2) The scorer also removes all functional tags attached to non-terminals
(functional tags are prefixed with "-" or "=" in the treebank). For example
"NP-SBJ" is processed to give "NP", "NP=2" is changed to "NP".


3) Tagging accuracy counts tags for all words *except* any tags which are
deleted by a DELETE_LABEL specification in the .prm file. (For example, for
COLLINS.prm, punctuation tagged as "," ":" etc. would not be included).

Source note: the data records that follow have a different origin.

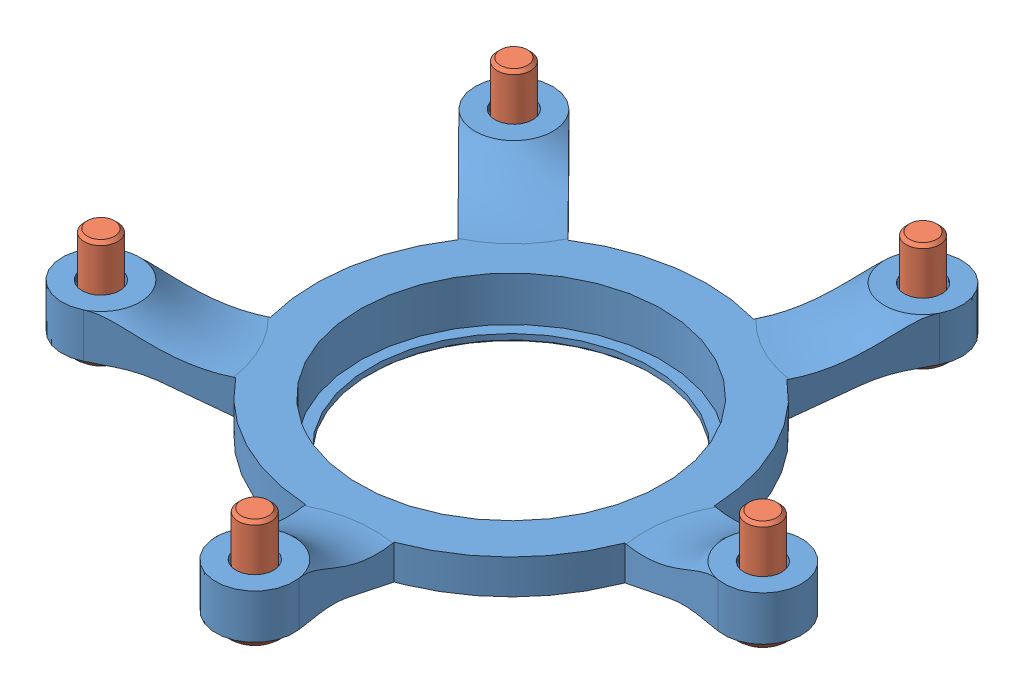
SolidWorks assembly Cloche, configuration Défaut. Lengths in mm.
Overall size (78.76 11.7 77.66).
6 component instances, 2 part files, 10 mates.
Components (placement in the parent):
- Cloche-1: Cloche [Défaut] at (-6.7592 -2.1561 0) x (-0.888048 0 -0.459752) z (-0.459752 0 0.888048) size (59.31 8.37 56.75)
- socket button head screw_iso-1: socket button head screw_iso [ISO 7380 - M3 x 8 - 8N] at (5.884 -4.8061 -24.4213) x (0 1 0) z (0 0 1) size (9.65 5.7 5.7)
- socket button head screw_iso-2: socket button head screw_iso [ISO 7380 - M3 x 8 - 8N] at (-26.0783 -4.8061 -19.571) x (0 1 0) z (0 0 1) size (9.65 5.7 5.7)
- socket button head screw_iso-7: socket button head screw_iso [ISO 7380 - M3 x 8 - 8N] at (-2.6332 -4.8061 27.1887) x (0 1 0) z (0 0 1) size (9.65 5.7 5.7)
- socket button head screw_iso-8: socket button head screw_iso [ISO 7380 - M3 x 8 - 8N] at (20.3738 -4.8061 4.4778) x (0 1 0) z (0 0 1) size (9.65 5.7 5.7)
- socket button head screw_iso-9: socket button head screw_iso [ISO 7380 - M3 x 8 - 8N] at (-31.3422 -4.8061 12.3258) x (0 1 0) z (0 0 1) size (9.65 5.7 5.7)
Mates (geometry in assembly coordinates):
- Coaxiale2209: concentric anti-aligned: cylinder of Cloche-1 through (5.884 -6.1561 -24.4213) axis (0 1 0) radius 1.7; cylinder of socket button head screw_iso-1 through (5.884 -4.8061 -24.4213) axis (0 -1 0) radius 2.85
- Coïncidente267: coincident anti-aligned: plane of Cloche-1 through (-17.7932 -3.1561 21.3131) normal (0 -1 0); plane of socket button head screw_iso-1 through (4.384 -3.1561 -24.4213) normal (0 1 0)
- Coaxiale2210: concentric anti-aligned: cylinder of Cloche-1 through (-26.0783 -6.1561 -19.571) axis (0 1 0) radius 1.7; cylinder of socket button head screw_iso-2 through (-26.0783 -4.8061 -19.571) axis (0 -1 0) radius 2.85
- Coïncidente268: coincident anti-aligned: plane of Cloche-1 through (-17.7932 -3.1561 21.3131) normal (0 -1 0); plane of socket button head screw_iso-2 through (-27.5783 -3.1561 -19.571) normal (0 1 0)
- Coaxiale2211: concentric anti-aligned: cylinder of Cloche-1 through (-2.6332 -6.1561 27.1887) axis (0 1 0) radius 1.7; cylinder of socket button head screw_iso-7 through (-2.6332 -4.8061 27.1887) axis (0 -1 0) radius 2.85
- Coïncidente269: coincident anti-aligned: plane of Cloche-1 through (-17.7932 -3.1561 21.3131) normal (0 -1 0); plane of socket button head screw_iso-7 through (-4.1332 -3.1561 27.1887) normal (0 1 0)
- Coaxiale2212: concentric anti-aligned: cylinder of Cloche-1 through (20.3738 -6.1561 4.4778) axis (0 1 0) radius 1.7; cylinder of socket button head screw_iso-8 through (20.3738 -4.8061 4.4778) axis (0 -1 0) radius 2.85
- Coïncidente270: coincident anti-aligned: plane of Cloche-1 through (-17.7932 -3.1561 21.3131) normal (0 -1 0); plane of socket button head screw_iso-8 through (18.8738 -3.1561 4.4778) normal (0 1 0)
- Coaxiale22131: concentric anti-aligned: cylinder of Cloche-1 through (-31.3422 -6.1561 12.3258) axis (0 1 0) radius 1.7; cylinder of socket button head screw_iso-9 through (-31.3422 -4.8061 12.3258) axis (0 -1 0) radius 2.85
- Coïncidente2711: coincident anti-aligned: plane of Cloche-1 through (-17.7932 -3.1561 21.3131) normal (0 -1 0); plane of socket button head screw_iso-9 through (-32.8422 -3.1561 12.3258) normal (0 1 0)
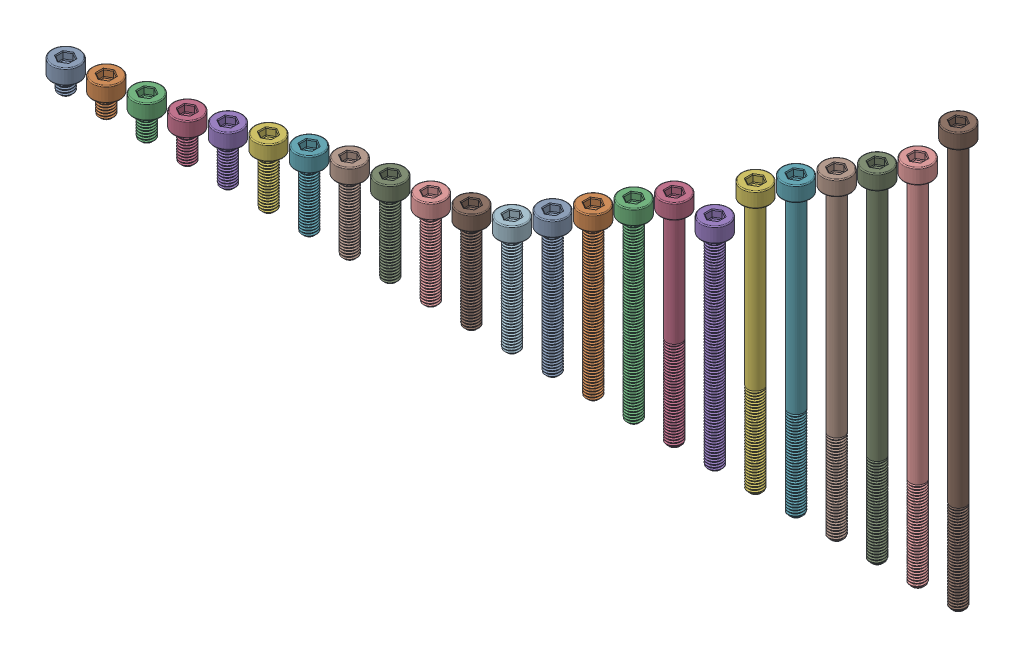
SolidWorks assembly M3, configuration Default. Lengths in mm.
Overall size (181.5 83.17 5.5).
23 component instances, 23 part files, 0 mates.
Components (placement in the parent):
- Screw_DIN_912_M3x3F_A2-1: Screw_DIN_912_M3x3F_A2 [Default] at origin size (5.5 6 5.5)
- Screw_DIN_912_M3x4F_A2-1: Screw_DIN_912_M3x4F_A2 [Default] at (8 0 0) size (5.5 7 5.5)
- Screw_DIN_912_M3x5F_A2-1: Screw_DIN_912_M3x5F_A2 [Default] at (16 0 0) size (5.5 8 5.5)
- Screw_DIN_912_M3x6F_A2-1: Screw_DIN_912_M3x6F_A2 [Default] at (24 0 0) size (5.5 9 5.5)
- Screw_DIN_912_M3x8F_A2-1: Screw_DIN_912_M3x8F_A2 [Default] at (32 0 0) size (5.5 11 5.5)
- Screw_DIN_912_M3x10F_A2-1: Screw_DIN_912_M3x10F_A2 [Default] at (40 0 0) size (5.5 13 5.5)
- Screw_DIN_912_M3x12F_A2-1: Screw_DIN_912_M3x12F_A2 [Default] at (48 0 0) size (5.5 15 5.5)
- Screw_DIN_912_M3x14F_A2-1: Screw_DIN_912_M3x14F_A2 [Default] at (56 0 0) size (5.5 17.01 5.5)
- Screw_DIN_912_M3x15F_A2-1: Screw_DIN_912_M3x15F_A2 [Default] at (64 0 0) size (5.5 18.02 5.5)
- Screw_DIN_912_M3x16F_A2-1: Screw_DIN_912_M3x16F_A2 [Default] at (72 0 0) size (5.5 19.02 5.5)
- Screw_DIN_912_M3x18F_A2-1: Screw_DIN_912_M3x18F_A2 [Default] at (80 0 0) size (5.5 21.03 5.5)
- Screw_DIN_912_M3x20F_A2-1: Screw_DIN_912_M3x20F_A2 [Default] at (88 0 0) size (5.5 23.04 5.5)
- Screw_DIN_912_M3x25F_A2-1: Screw_DIN_912_M3x25F_A2 [Default] at (96 0 0) size (5.5 28.08 5.5)
- Screw_DIN_912_M3x30F_A2-1: Screw_DIN_912_M3x30F_A2 [Default] at (104 0 0) size (5.5 33.11 5.5)
- Screw_DIN_912_M3x35F_A2-1: Screw_DIN_912_M3x35F_A2 [Default] at (112 0 0) size (5.5 38.13 5.5)
- Screw_DIN_912_M3x40_A2-1: Screw_DIN_912_M3x40_A2 [Default] at (120 0 0) size (5.5 43 5.5)
- Screw_DIN_912_M3x40F_A2-1: Screw_DIN_912_M3x40F_A2 [Default] at (128 0 0) size (5.5 43.17 5.5)
- Screw_DIN_912_M3x50_A2-1: Screw_DIN_912_M3x50_A2 [Default] at (136 0 0) size (5.5 53 5.5)
- Screw_DIN_912_M3x55_A2-1: Screw_DIN_912_M3x55_A2 [Default] at (144 0 0) size (5.5 58 5.5)
- Screw_DIN_912_M3x60_A2-1: Screw_DIN_912_M3x60_A2 [Default] at (152 0 0) size (5.5 63 5.5)
- Screw_DIN_912_M3x65_A2-1: Screw_DIN_912_M3x65_A2 [Default] at (160 0 0) size (5.5 68 5.5)
- Screw_DIN_912_M3x70_A2-1: Screw_DIN_912_M3x70_A2 [Default] at (168 0 0) size (5.5 73 5.5)
- Screw_DIN_912_M3x80_A2-1: Screw_DIN_912_M3x80_A2 [Default] at (176 0 0) size (5.5 83 5.5)
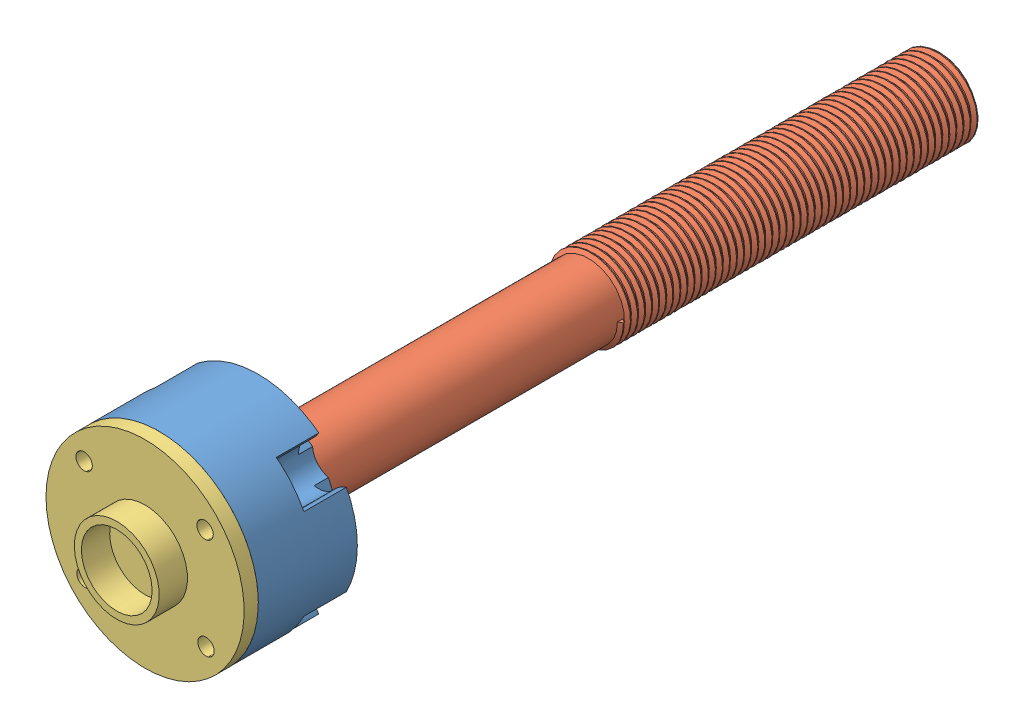
SolidWorks assembly Steering thor joint(RH), configuration Default. Lengths in mm.
Overall size (14.13 14.13 58.56).
3 component instances, 3 part files, 4 mates.
Components (placement in the parent):
- bolt head(RH)-1: bolt head(RH) [Default] at (-18.4031 26.2188 19.7392) size (14 14 8)
- Bogie bolt(RH)-1: Bogie bolt(RH) [Default] at (-18.4064 26.2246 14.7392) x (-1 0 0) z (0 0 -1) size (9 10.39 55.56)
- Bolt servo connector(RH)-1: Bolt servo connector(RH) [Default] at (-18.4031 26.2188 19.7392) x (0.99996 0.008969 0) z (0 0 1) size (14 14 3)
Mates (geometry in assembly coordinates):
- Coincident14: coincident: plane of bolt head(RH)-1 through (-18.4031 26.2188 19.7392) normal (0 0 1); plane of Bogie bolt(RH)-1 through (-18.4064 26.2246 19.7392) normal (0 0 1)
- Coincident16: coincident: line of bolt head(RH)-1 through (-15.0425 29.4786 19.7392) axis (-0.866025 0.5 0); line of Bogie bolt(RH)-1 through (-18.4064 31.4207 19.7392) axis (0.866025 -0.5 0)
- Coincident18: coincident: plane of bolt head(RH)-1 through (-22.9064 26.2188 14.7392) normal (1 0 0); plane of Bogie bolt(RH)-1 through (-22.9064 23.6265 19.7392) normal (-1 0 0)
- Coincident19: coincident: circle of bolt head(RH)-1; circle of Bolt servo connector(RH)-1
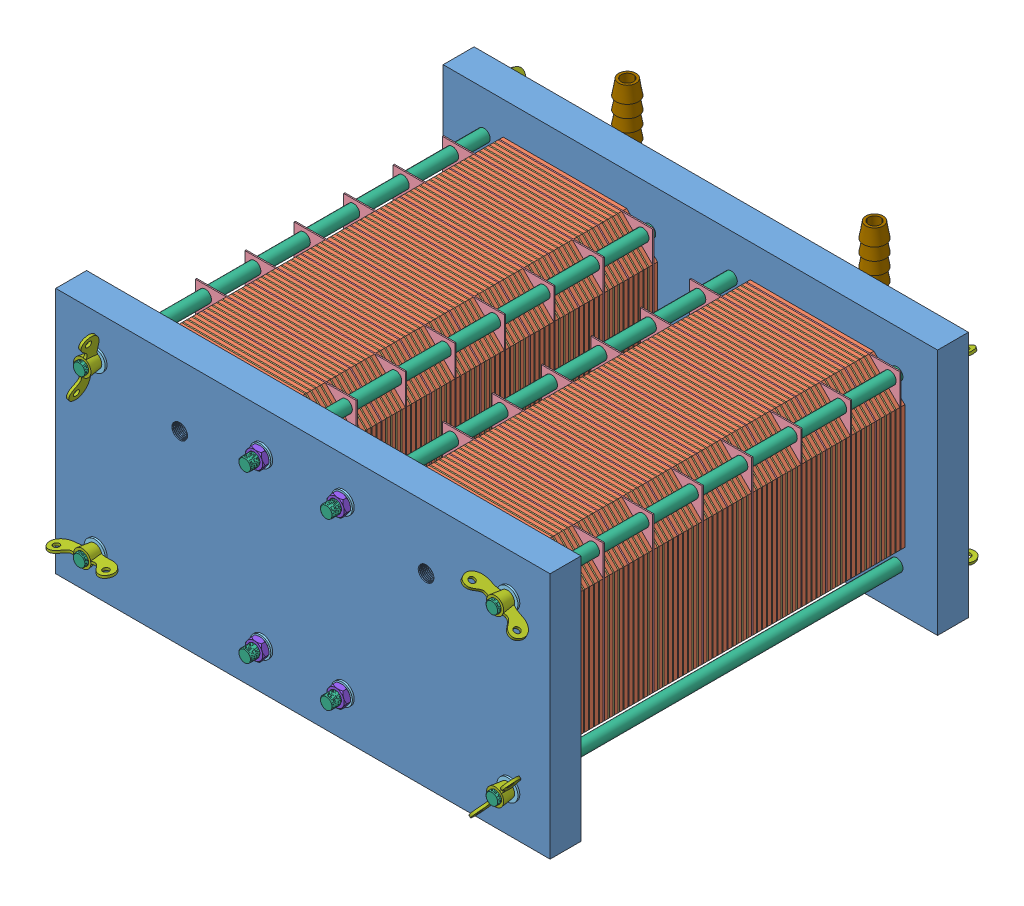
SolidWorks assembly Assem_Mine, configuration Default. Lengths in mm.
Overall size (400 216 390.22).
346 component instances, 9 part files, 95 mates.
Components (placement in the parent):
- Glass-1: Glass [Default] at (153.2199 -57.0551 297.1136) size (400 200 26.12)
- All Battery Block-1: All Battery Block [Default] at (-10.6585 129.0849 -81.5684) size (150 150 287)
  - Block Battery-1: Block Battery [Default] at (-175.922 -206.6429 -286.6039) size (150 150 40)
    - Gasket-12: Gasket [Default] at (244.3004 275.7985 390.286) size (150 150 3)
    - Plate-1-7: Plate-1 [Default] at (239.8004 279.4658 389.286) size (150 150 1)
    - Gasket-13: Gasket [Default] at (244.3004 275.7985 386.286) size (150 150 3)
    - Plate-1-8: Plate-1 [Default] at (239.8004 279.4658 385.286) size (150 150 1)
    - Gasket-14: Gasket [Default] at (244.3004 275.7985 382.286) size (150 150 3)
    - Plate-2-4: Plate-2 [Default] at (239.8004 279.4658 381.286) size (150 150 1)
    - Plate-1-10: Plate-1 [Default] at (239.8004 279.4658 393.286) size (150 150 1)
    - Gasket-16: Gasket [Default] at (244.3004 275.7985 394.286) size (150 150 3)
    - Plate-1-11: Plate-1 [Default] at (239.8004 279.4658 397.286) size (150 150 1)
    - Gasket-17: Gasket [Default] at (244.3004 275.7985 398.286) size (150 150 3)
    - Plate-2-5: Plate-2 [Default] at (239.8004 279.4658 402.286) x (-1 0 0) z (0 0 -1) size (150 150 1)
    - Gasket-18: Gasket [Default] at (244.3004 275.7985 402.286) size (150 150 3)
    - Plate-1-12: Plate-1 [Default] at (239.8004 279.4658 405.286) size (150 150 1)
    - Gasket-19: Gasket [Default] at (244.3004 275.7985 406.286) size (150 150 3)
    - Plate-1-13: Plate-1 [Default] at (239.8004 279.4658 409.286) size (150 150 1)
    - Gasket-20: Gasket [Default] at (244.3004 275.7985 410.286) size (150 150 3)
    - Plate-1-14: Plate-1 [Default] at (239.8004 279.4658 413.286) size (150 150 1)
    - Gasket-21: Gasket [Default] at (244.3004 275.7985 414.286) size (150 150 3)
    - Plate-1-15: Plate-1 [Default] at (239.8004 279.4658 417.286) size (150 150 1)
    - Gasket-22: Gasket [Default] at (244.3004 275.7985 418.286) size (150 150 3)
  - Block Battery-2: Block Battery [Default] at (-175.922 -206.6429 -246.6039) size (150 150 40)
    - Gasket-12: Gasket [Default] at (244.3004 275.7985 390.286) size (150 150 3)
    - Plate-1-7: Plate-1 [Default] at (239.8004 279.4658 389.286) size (150 150 1)
    - Gasket-13: Gasket [Default] at (244.3004 275.7985 386.286) size (150 150 3)
    - Plate-1-8: Plate-1 [Default] at (239.8004 279.4658 385.286) size (150 150 1)
    - Gasket-14: Gasket [Default] at (244.3004 275.7985 382.286) size (150 150 3)
    - Plate-2-4: Plate-2 [Default] at (239.8004 279.4658 381.286) size (150 150 1)
    - Plate-1-10: Plate-1 [Default] at (239.8004 279.4658 393.286) size (150 150 1)
    - Gasket-16: Gasket [Default] at (244.3004 275.7985 394.286) size (150 150 3)
    - Plate-1-11: Plate-1 [Default] at (239.8004 279.4658 397.286) size (150 150 1)
    - Gasket-17: Gasket [Default] at (244.3004 275.7985 398.286) size (150 150 3)
    - Plate-2-5: Plate-2 [Default] at (239.8004 279.4658 402.286) x (-1 0 0) z (0 0 -1) size (150 150 1)
    - Gasket-18: Gasket [Default] at (244.3004 275.7985 402.286) size (150 150 3)
    - Plate-1-12: Plate-1 [Default] at (239.8004 279.4658 405.286) size (150 150 1)
    - Gasket-19: Gasket [Default] at (244.3004 275.7985 406.286) size (150 150 3)
    - Plate-1-13: Plate-1 [Default] at (239.8004 279.4658 409.286) size (150 150 1)
    - Gasket-20: Gasket [Default] at (244.3004 275.7985 410.286) size (150 150 3)
    - Plate-1-14: Plate-1 [Default] at (239.8004 279.4658 413.286) size (150 150 1)
    - Gasket-21: Gasket [Default] at (244.3004 275.7985 414.286) size (150 150 3)
    - Plate-1-15: Plate-1 [Default] at (239.8004 279.4658 417.286) size (150 150 1)
    - Gasket-22: Gasket [Default] at (244.3004 275.7985 418.286) size (150 150 3)
  - Block Battery-3: Block Battery [Default] at (-175.922 -206.6429 -206.6039) size (150 150 40)
    - Gasket-12: Gasket [Default] at (244.3004 275.7985 390.286) size (150 150 3)
    - Plate-1-7: Plate-1 [Default] at (239.8004 279.4658 389.286) size (150 150 1)
    - Gasket-13: Gasket [Default] at (244.3004 275.7985 386.286) size (150 150 3)
    - Plate-1-8: Plate-1 [Default] at (239.8004 279.4658 385.286) size (150 150 1)
    - Gasket-14: Gasket [Default] at (244.3004 275.7985 382.286) size (150 150 3)
    - Plate-2-4: Plate-2 [Default] at (239.8004 279.4658 381.286) size (150 150 1)
    - Plate-1-10: Plate-1 [Default] at (239.8004 279.4658 393.286) size (150 150 1)
    - Gasket-16: Gasket [Default] at (244.3004 275.7985 394.286) size (150 150 3)
    - Plate-1-11: Plate-1 [Default] at (239.8004 279.4658 397.286) size (150 150 1)
    - Gasket-17: Gasket [Default] at (244.3004 275.7985 398.286) size (150 150 3)
    - Plate-2-5: Plate-2 [Default] at (239.8004 279.4658 402.286) x (-1 0 0) z (0 0 -1) size (150 150 1)
    - Gasket-18: Gasket [Default] at (244.3004 275.7985 402.286) size (150 150 3)
    - Plate-1-12: Plate-1 [Default] at (239.8004 279.4658 405.286) size (150 150 1)
    - Gasket-19: Gasket [Default] at (244.3004 275.7985 406.286) size (150 150 3)
    - Plate-1-13: Plate-1 [Default] at (239.8004 279.4658 409.286) size (150 150 1)
    - Gasket-20: Gasket [Default] at (244.3004 275.7985 410.286) size (150 150 3)
    - Plate-1-14: Plate-1 [Default] at (239.8004 279.4658 413.286) size (150 150 1)
    - Gasket-21: Gasket [Default] at (244.3004 275.7985 414.286) size (150 150 3)
    - Plate-1-15: Plate-1 [Default] at (239.8004 279.4658 417.286) size (150 150 1)
    - Gasket-22: Gasket [Default] at (244.3004 275.7985 418.286) size (150 150 3)
  - Block Battery-4: Block Battery [Default] at (-175.922 -206.6429 -166.6039) size (150 150 40)
    - Gasket-12: Gasket [Default] at (244.3004 275.7985 390.286) size (150 150 3)
    - Plate-1-7: Plate-1 [Default] at (239.8004 279.4658 389.286) size (150 150 1)
    - Gasket-13: Gasket [Default] at (244.3004 275.7985 386.286) size (150 150 3)
    - Plate-1-8: Plate-1 [Default] at (239.8004 279.4658 385.286) size (150 150 1)
    - Gasket-14: Gasket [Default] at (244.3004 275.7985 382.286) size (150 150 3)
    - Plate-2-4: Plate-2 [Default] at (239.8004 279.4658 381.286) size (150 150 1)
    - Plate-1-10: Plate-1 [Default] at (239.8004 279.4658 393.286) size (150 150 1)
    - Gasket-16: Gasket [Default] at (244.3004 275.7985 394.286) size (150 150 3)
    - Plate-1-11: Plate-1 [Default] at (239.8004 279.4658 397.286) size (150 150 1)
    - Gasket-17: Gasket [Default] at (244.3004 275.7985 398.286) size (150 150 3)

4) When calculating the length of a sentence, all words with POS tags not 
included in the "DELETE_LABEL_FOR_LENGTH" list in the .prm file are
counted. (For COLLINS.prm, only "-NONE-" is specified in this list, so
traces are removed before calculating the length of the sentence).

5) There are some subtleties in scoring when either the goldfile or parsed
file contains multiple constituents for the same span which have the same
non-terminal label. e.g. (NP (NP the man)) If the goldfile contains n 
constituents for the same span, and the parsed file contains m constituents
with that nonterminal, the scorer works as follows:

i) If m>n, then the precision is n/m, recall is 100%

ii) If n>m, then the precision is 100%, recall is m/n.

iii) If n==m, recall and precision are both 100%.